Le contentieux des titres exécutoires relève de votre office de plein contentieux : Conseil d’Etat Section n° 74319, 27 avril 1988. Et, en raison de la portée différenciée de l’annulation que vous pouvez prononcer, selon que vous retenez un moyen tenant au bien-fondé ou un moyen tenant à la régularité formelle du titre, vous devrez d’abord examiner le bien-fondé avant la régularité formelle : Conseil d’Etat n° 413712 du 5 avril 2019 Société Mandataires Judiciaires Associés, en A. Les moyens visant la régularité formelle du titre, qui, s’ils sont fondés, n’entraînent pas l’extinction de la créance, l’administration pouvant émettre un autre titre, sont nécessairement présentés à titre subsidiaire : Conseil d’Etat n° 413712 du 7 avril 2019, centre d’exportation du livre français, en A.

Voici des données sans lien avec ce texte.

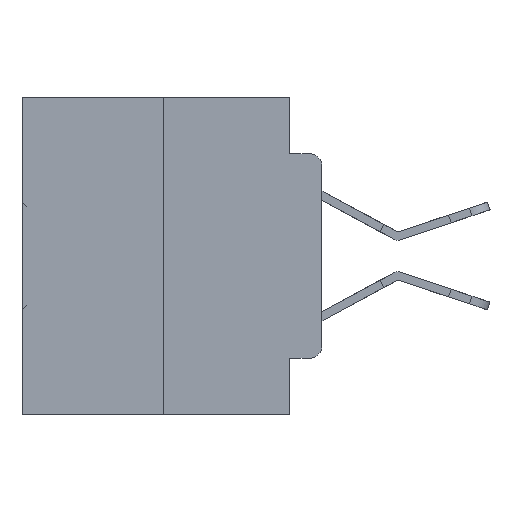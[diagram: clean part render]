
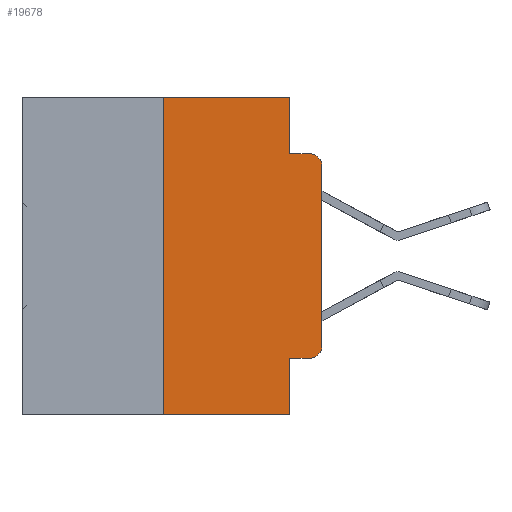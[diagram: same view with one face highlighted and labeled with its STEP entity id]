
A CAD part, left-side view. The second image highlights one B-rep face of the part: STEP entity #19678.
In plain terms, the highlighted planar face has unit normal (-1, 0, 0).
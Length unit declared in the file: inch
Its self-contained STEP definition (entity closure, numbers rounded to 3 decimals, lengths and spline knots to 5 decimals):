
#148 = ORIENTED_EDGE ( 'NONE', *, *, #12426, .F. ) ;
#306 = FACE_OUTER_BOUND ( 'NONE', #18139, .T. ) ;
#675 = CARTESIAN_POINT ( 'NONE',  ( 0., 0.25, -0.5 ) ) ;
#1582 = DIRECTION ( 'NONE',  ( 0., 0., -1. ) ) ;
#1666 = DIRECTION ( 'NONE',  ( 0., -1., 0. ) ) ;
#2117 = VECTOR ( 'NONE', #29317, 39.37008 ) ;
#2811 = CARTESIAN_POINT ( 'NONE',  ( 0., 0.051, -0.0885 ) ) ;
#2842 = VERTEX_POINT ( 'NONE', #15214 ) ;
#2979 = VERTEX_POINT ( 'NONE', #2811 ) ;
#3060 = LINE ( 'NONE', #7386, #29973 ) ;
#4096 = VERTEX_POINT ( 'NONE', #29274 ) ;
#4334 = VERTEX_POINT ( 'NONE', #28105 ) ;
#4519 = ORIENTED_EDGE ( 'NONE', *, *, #10651, .T. ) ;
#4775 = AXIS2_PLACEMENT_3D ( 'NONE', #15372, #34016, #18102 ) ;
#5018 = LINE ( 'NONE', #28667, #19434 ) ;
#6774 = VERTEX_POINT ( 'NONE', #675 ) ;
#7097 = VECTOR ( 'NONE', #31201, 39.37008 ) ;
#7386 = CARTESIAN_POINT ( 'NONE',  ( 0., 0.473, -0.5 ) ) ;
#7610 = EDGE_CURVE ( 'NONE', #4096, #2842, #26371, .T. ) ;
#7641 = CIRCLE ( 'NONE', #4775, 0.02 ) ;
#7667 = LINE ( 'NONE', #24007, #2117 ) ;
#8023 = ORIENTED_EDGE ( 'NONE', *, *, #16666, .T. ) ;
#8445 = LINE ( 'NONE', #24720, #22839 ) ;
#8632 = CARTESIAN_POINT ( 'NONE',  ( 0., 0.051, 0. ) ) ;
#8675 = PLANE ( 'NONE',  #23332 ) ;
#8827 = LINE ( 'NONE', #8632, #31043 ) ;
#9162 = ORIENTED_EDGE ( 'NONE', *, *, #34064, .F. ) ;
#9797 = CARTESIAN_POINT ( 'NONE',  ( 0., 0.25, 0. ) ) ;
#9922 = EDGE_CURVE ( 'NONE', #2842, #33159, #17948, .T. ) ;
#9958 = AXIS2_PLACEMENT_3D ( 'NONE', #33801, #17850, #1582 ) ;
#9984 = CARTESIAN_POINT ( 'NONE',  ( 0., 0.25, 0. ) ) ;
#10651 = EDGE_CURVE ( 'NONE', #6774, #19972, #3060, .T. ) ;
#12426 = EDGE_CURVE ( 'NONE', #4334, #2979, #7667, .T. ) ;
#12649 = DIRECTION ( 'NONE',  ( 0., -1., 0. ) ) ;
#14115 = DIRECTION ( 'NONE',  ( 0., 0., -1. ) ) ;
#14995 = CARTESIAN_POINT ( 'NONE',  ( 0., 0., 0. ) ) ;
#15212 = ORIENTED_EDGE ( 'NONE', *, *, #7610, .T. ) ;
#15214 = CARTESIAN_POINT ( 'NONE',  ( 0., 0., -0.3915 ) ) ;
#15222 = CARTESIAN_POINT ( 'NONE',  ( 0., 0.051, -0.4115 ) ) ;
#15372 = CARTESIAN_POINT ( 'NONE',  ( 0., 0.02, -0.1085 ) ) ;
#15462 = ORIENTED_EDGE ( 'NONE', *, *, #19662, .F. ) ;
#15862 = ORIENTED_EDGE ( 'NONE', *, *, #26813, .T. ) ;
#16666 = EDGE_CURVE ( 'NONE', #20720, #4096, #25533, .T. ) ;
#17060 = CARTESIAN_POINT ( 'NONE',  ( 0., 0.051, -0.4115 ) ) ;
#17214 = ORIENTED_EDGE ( 'NONE', *, *, #22130, .F. ) ;
#17709 = DIRECTION ( 'NONE',  ( 0., 0., 1. ) ) ;
#17850 = DIRECTION ( 'NONE',  ( -1., 0., 0. ) ) ;
#17948 = LINE ( 'NONE', #14995, #24270 ) ;
#18102 = DIRECTION ( 'NONE',  ( 0., 0., -1. ) ) ;
#18139 = EDGE_LOOP ( 'NONE', ( #21398, #15862, #15462, #148, #9162, #17214, #4519, #18559, #8023, #15212 ) ) ;
#18149 = VERTEX_POINT ( 'NONE', #9984 ) ;
#18399 = VECTOR ( 'NONE', #1666, 39.37008 ) ;
#18559 = ORIENTED_EDGE ( 'NONE', *, *, #20334, .F. ) ;
#19434 = VECTOR ( 'NONE', #12649, 39.37008 ) ;
#19662 = EDGE_CURVE ( 'NONE', #2979, #34292, #8445, .T. ) ;
#19678 = ADVANCED_FACE ( 'NONE', ( #306 ), #8675, .F. ) ;
#19972 = VERTEX_POINT ( 'NONE', #25858 ) ;
#20334 = EDGE_CURVE ( 'NONE', #20720, #19972, #8827, .T. ) ;
#20720 = VERTEX_POINT ( 'NONE', #17060 ) ;
#21398 = ORIENTED_EDGE ( 'NONE', *, *, #9922, .T. ) ;
#21512 = LINE ( 'NONE', #9797, #7097 ) ;
#22130 = EDGE_CURVE ( 'NONE', #6774, #18149, #21512, .T. ) ;
#22376 = CARTESIAN_POINT ( 'NONE',  ( 0., 0., -0.1085 ) ) ;
#22839 = VECTOR ( 'NONE', #30007, 39.37008 ) ;
#23332 = AXIS2_PLACEMENT_3D ( 'NONE', #27499, #30122, #14115 ) ;
#23576 = DIRECTION ( 'NONE',  ( 0., -1., 0. ) ) ;
#24007 = CARTESIAN_POINT ( 'NONE',  ( 0., 0.051, 0. ) ) ;
#24270 = VECTOR ( 'NONE', #17709, 39.37008 ) ;
#24720 = CARTESIAN_POINT ( 'NONE',  ( 0., 0.051, -0.0885 ) ) ;
#25533 = LINE ( 'NONE', #15222, #18399 ) ;
#25858 = CARTESIAN_POINT ( 'NONE',  ( 0., 0.051, -0.5 ) ) ;
#26371 = CIRCLE ( 'NONE', #9958, 0.02 ) ;
#26813 = EDGE_CURVE ( 'NONE', #33159, #34292, #7641, .T. ) ;
#27456 = DIRECTION ( 'NONE',  ( 0., 0., -1. ) ) ;
#27499 = CARTESIAN_POINT ( 'NONE',  ( 0., 0.473, 0. ) ) ;
#28105 = CARTESIAN_POINT ( 'NONE',  ( 0., 0.051, 0. ) ) ;
#28667 = CARTESIAN_POINT ( 'NONE',  ( 0., 0.473, 0. ) ) ;
#29274 = CARTESIAN_POINT ( 'NONE',  ( 0., 0.02, -0.4115 ) ) ;
#29317 = DIRECTION ( 'NONE',  ( 0., 0., -1. ) ) ;
#29561 = CARTESIAN_POINT ( 'NONE',  ( 0., 0.02, -0.0885 ) ) ;
#29973 = VECTOR ( 'NONE', #23576, 39.37008 ) ;
#30007 = DIRECTION ( 'NONE',  ( 0., -1., 0. ) ) ;
#30122 = DIRECTION ( 'NONE',  ( 1., 0., 0. ) ) ;
#31043 = VECTOR ( 'NONE', #27456, 39.37008 ) ;
#31201 = DIRECTION ( 'NONE',  ( 0., 0., 1. ) ) ;
#33159 = VERTEX_POINT ( 'NONE', #22376 ) ;
#33801 = CARTESIAN_POINT ( 'NONE',  ( 0., 0.02, -0.3915 ) ) ;
#34016 = DIRECTION ( 'NONE',  ( -1., 0., 0. ) ) ;
#34064 = EDGE_CURVE ( 'NONE', #18149, #4334, #5018, .T. ) ;
#34292 = VERTEX_POINT ( 'NONE', #29561 ) ;
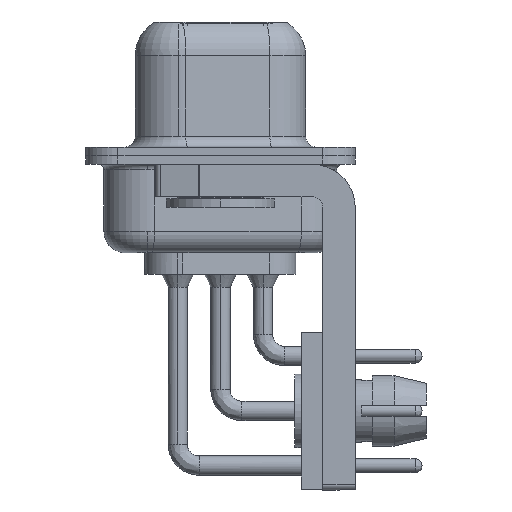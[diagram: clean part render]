
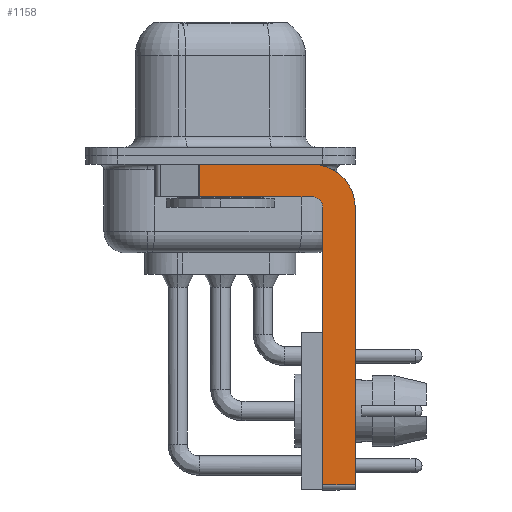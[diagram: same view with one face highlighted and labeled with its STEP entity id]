
A CAD part, left-side view. The second image highlights one B-rep face of the part: STEP entity #1158.
In plain terms, the highlighted planar face has unit normal (-1, 0, 0).
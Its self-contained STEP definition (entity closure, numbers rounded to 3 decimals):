
#53 = VERTEX_POINT ( 'NONE', #8704 ) ;
#267 = VERTEX_POINT ( 'NONE', #16775 ) ;
#275 = CARTESIAN_POINT ( 'NONE',  ( -2.9, -4.25, -15.25 ) ) ;
#777 = CIRCLE ( 'NONE', #16646, 2. ) ;
#1158 = ADVANCED_FACE ( 'NONE', ( #9061 ), #11013, .F. ) ;
#1167 = EDGE_CURVE ( 'NONE', #9131, #53, #14269, .T. ) ;
#1483 = CARTESIAN_POINT ( 'NONE',  ( -2.9, -4.75, -15.5 ) ) ;
#1547 = EDGE_CURVE ( 'NONE', #6457, #267, #19110, .T. ) ;
#1984 = LINE ( 'NONE', #275, #7822 ) ;
#3311 = LINE ( 'NONE', #1483, #15082 ) ;
#4465 = DIRECTION ( 'NONE',  ( -1., 0., 0. ) ) ;
#4584 = CARTESIAN_POINT ( 'NONE',  ( -2.9, -6.25, -2.4 ) ) ;
#4636 = EDGE_CURVE ( 'NONE', #23199, #7116, #24791, .T. ) ;
#5746 = ORIENTED_EDGE ( 'NONE', *, *, #6870, .F. ) ;
#5751 = EDGE_CURVE ( 'NONE', #19598, #7116, #1984, .T. ) ;
#6457 = VERTEX_POINT ( 'NONE', #22231 ) ;
#6596 = VECTOR ( 'NONE', #23614, 1000. ) ;
#6870 = EDGE_CURVE ( 'NONE', #19598, #27752, #3311, .T. ) ;
#6975 = AXIS2_PLACEMENT_3D ( 'NONE', #10906, #15243, #11413 ) ;
#7116 = VERTEX_POINT ( 'NONE', #15654 ) ;
#7126 = ORIENTED_EDGE ( 'NONE', *, *, #9089, .F. ) ;
#7822 = VECTOR ( 'NONE', #13491, 1000. ) ;
#8704 = CARTESIAN_POINT ( 'NONE',  ( -2.9, -4.25, -0.4 ) ) ;
#9061 = FACE_OUTER_BOUND ( 'NONE', #18436, .T. ) ;
#9089 = EDGE_CURVE ( 'NONE', #27752, #6457, #26948, .T. ) ;
#9131 = VERTEX_POINT ( 'NONE', #17957 ) ;
#9520 = CARTESIAN_POINT ( 'NONE',  ( -2.9, -4.75, -15.25 ) ) ;
#9680 = AXIS2_PLACEMENT_3D ( 'NONE', #17767, #4465, #19951 ) ;
#9685 = CARTESIAN_POINT ( 'NONE',  ( -2.9, -6.25, -2.4 ) ) ;
#10781 = DIRECTION ( 'NONE',  ( 1., 0., 0. ) ) ;
#10906 = CARTESIAN_POINT ( 'NONE',  ( -2.9, -4.25, -2.4 ) ) ;
#11013 = PLANE ( 'NONE',  #6975 ) ;
#11219 = CARTESIAN_POINT ( 'NONE',  ( -2.9, 3., -0.4 ) ) ;
#11374 = DIRECTION ( 'NONE',  ( 0., -1., 0. ) ) ;
#11413 = DIRECTION ( 'NONE',  ( 0., 0., -1. ) ) ;
#12717 = ORIENTED_EDGE ( 'NONE', *, *, #27920, .F. ) ;
#12905 = ORIENTED_EDGE ( 'NONE', *, *, #14129, .T. ) ;
#13491 = DIRECTION ( 'NONE',  ( 0., -1., 0. ) ) ;
#14129 = EDGE_CURVE ( 'NONE', #9131, #267, #26343, .T. ) ;
#14269 = LINE ( 'NONE', #11219, #19459 ) ;
#14378 = DIRECTION ( 'NONE',  ( 0., 0., -1. ) ) ;
#15082 = VECTOR ( 'NONE', #25739, 1000. ) ;
#15243 = DIRECTION ( 'NONE',  ( 1., 0., 0. ) ) ;
#15654 = CARTESIAN_POINT ( 'NONE',  ( -2.9, -6.25, -15.25 ) ) ;
#16191 = ORIENTED_EDGE ( 'NONE', *, *, #5751, .T. ) ;
#16646 = AXIS2_PLACEMENT_3D ( 'NONE', #23982, #10781, #26181 ) ;
#16775 = CARTESIAN_POINT ( 'NONE',  ( -2.9, 0.978, -1.9 ) ) ;
#17244 = ORIENTED_EDGE ( 'NONE', *, *, #1167, .F. ) ;
#17767 = CARTESIAN_POINT ( 'NONE',  ( -2.9, -4.25, -2.4 ) ) ;
#17957 = CARTESIAN_POINT ( 'NONE',  ( -2.9, 0.978, -0.4 ) ) ;
#18314 = VECTOR ( 'NONE', #20709, 1000. ) ;
#18436 = EDGE_LOOP ( 'NONE', ( #17244, #12905, #22924, #7126, #5746, #16191, #22398, #12717 ) ) ;
#19110 = LINE ( 'NONE', #23342, #6596 ) ;
#19459 = VECTOR ( 'NONE', #11374, 1000. ) ;
#19598 = VERTEX_POINT ( 'NONE', #9520 ) ;
#19951 = DIRECTION ( 'NONE',  ( 0., 0., 1. ) ) ;
#20544 = VECTOR ( 'NONE', #14378, 1000. ) ;
#20709 = DIRECTION ( 'NONE',  ( 0., 0., -1. ) ) ;
#22231 = CARTESIAN_POINT ( 'NONE',  ( -2.9, -4.25, -1.9 ) ) ;
#22398 = ORIENTED_EDGE ( 'NONE', *, *, #4636, .F. ) ;
#22924 = ORIENTED_EDGE ( 'NONE', *, *, #1547, .F. ) ;
#23199 = VERTEX_POINT ( 'NONE', #4584 ) ;
#23342 = CARTESIAN_POINT ( 'NONE',  ( -2.9, -4.25, -1.9 ) ) ;
#23435 = CARTESIAN_POINT ( 'NONE',  ( -2.9, -4.75, -2.4 ) ) ;
#23614 = DIRECTION ( 'NONE',  ( 0., 1., 0. ) ) ;
#23982 = CARTESIAN_POINT ( 'NONE',  ( -2.9, -4.25, -2.4 ) ) ;
#24791 = LINE ( 'NONE', #9685, #18314 ) ;
#25335 = CARTESIAN_POINT ( 'NONE',  ( -2.9, 0.978, -1.9 ) ) ;
#25739 = DIRECTION ( 'NONE',  ( 0., 0., 1. ) ) ;
#26181 = DIRECTION ( 'NONE',  ( 0., 0., -1. ) ) ;
#26343 = LINE ( 'NONE', #25335, #20544 ) ;
#26948 = CIRCLE ( 'NONE', #9680, 0.5 ) ;
#27752 = VERTEX_POINT ( 'NONE', #23435 ) ;
#27920 = EDGE_CURVE ( 'NONE', #53, #23199, #777, .T. ) ;

Devant vous la société F. soutient que des travaux supplémentaires non compris dans le PAE lui auraient été demandés par la commune. Elle rappelle l’article L.332-9 du code de l’urbanisme qui était alors applicable et qui prévoyait que le PAE pouvait mettre à la charge des constructeurs « tout ou partie des équipements publics réalisés pour répondre aux besoins des futurs habitants ou usagers des constructions à édifier sur le secteur concerné ». Elle rappelle aussi que les PAE ne sont plus possibles depuis le 1er mars 2012. Elle rappelle enfin que la délibération du 31 mars 2007 a évalué l’ensemble des aménagements nécessaires et fixé à 60, 1 euros par m² de SHON construite la participation de chaque constructeur.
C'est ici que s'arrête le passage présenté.